Короче, и Надька, и дочка её лежали мёртвые, уже не первый день, видно, потому что вонь там стояла не дай бог. Зарезали их, говорю же. Ножами они все были истыканы.

Понятые - наши же мужики - потом проболтались, что в морозилке, не поверишь, вот такенная пачка баксов обнаружилась, в полиэтиленовый кулёк завёрнутая. Ну и скажи, зачем Надьку с девчонкой было так пытать, изгаляться, раз бабло эти твари в конце концов и не забрали? Даже если Надька ни в чём не призналась им, почему они не обыскали хату как следует? Такой грех на душу взяли и ради чего?

Нет, никто не слышал, как они кричали. У них же рты скотчем были замотаны. Оранжевым скотчем, я такого раньше не видел. Когда их выносили, мне сильно подурнело, до чёрных мух, а некоторых бабок пришлось, как бабу Зину, корвалолом отпаивать. У мёртвых-то глаза прямо выкаченные были, от боли или от страха. А ниже - оранжевый скотч.

Ёпамать, мне по сю пору эта картина, бывает, мерещится.
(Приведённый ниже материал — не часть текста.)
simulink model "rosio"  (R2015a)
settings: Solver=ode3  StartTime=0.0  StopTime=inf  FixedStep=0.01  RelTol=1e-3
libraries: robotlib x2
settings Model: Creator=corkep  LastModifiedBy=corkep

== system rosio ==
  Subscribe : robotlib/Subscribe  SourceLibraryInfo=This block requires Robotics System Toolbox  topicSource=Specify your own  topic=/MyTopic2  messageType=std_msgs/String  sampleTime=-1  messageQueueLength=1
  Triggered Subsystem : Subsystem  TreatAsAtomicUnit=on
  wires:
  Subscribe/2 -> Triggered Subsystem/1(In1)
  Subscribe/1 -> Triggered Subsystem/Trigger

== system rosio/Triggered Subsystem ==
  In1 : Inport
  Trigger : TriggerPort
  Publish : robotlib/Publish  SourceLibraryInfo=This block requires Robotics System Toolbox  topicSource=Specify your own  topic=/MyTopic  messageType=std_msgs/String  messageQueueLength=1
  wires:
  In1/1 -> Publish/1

А вообще Надька и дети её красивые были, как с картинки, залюбуешься, хоть Надька и бухала. Но я её смутно помню.

Малец Надькин? Так вот, с ним и вышла самая дичь. Ну, убили мать с дочкой, зарезали зверски, тогда по телику ещё и не такое показывали, что в новостях, что в сериалах. А вот что малец с концами пропал - со всеми погремушками и ползунками своими - это как?

Одна только его кроватка деревянная и осталась.

Продала его кому-то Надька? Допустим. Тогда стало бы понятно, откуда столько денег у неё взялось. Народ до этого тоже додумался, говорю же, весь район гудел, мозговал. И менты наверняка в эту же сторону копали. Но ты не торопись, я тебе пока не сказку, а только присказку рассказываю. Ты наливай давай, а то у меня, ёпамать, что-то по-за шкуре мороз идёт от этих разговоров.

* * *
Однажды Елена Степановна меня спросила, снятся ли мне сны. Я понял подоплёку вопроса. Если я вообще ничего не вижу, если у меня нет глаз, нет чувственного опыта, что же предстаёт передо мной во снах? Или кто? Это же и правда интересно. Особенности мозговой деятельности.

Я ей тогда просто сказал, что никакие сны мне вообще не снятся, с чего бы? Но я соврал.

Я вижу сны, конечно же, потому что я вижу людей, зверей, птиц, деревья, траву, что угодно, лишь бы оно было живым и излучало… жизнь? Да, жизнь. Ну или биоволны, если как в фантастике. В фильме «Инопланетянин» у Спиллберга. Там мне Тишка пояснял то, что было непонятно. Телик-то я только слышать могу. А излучение живых - вижу.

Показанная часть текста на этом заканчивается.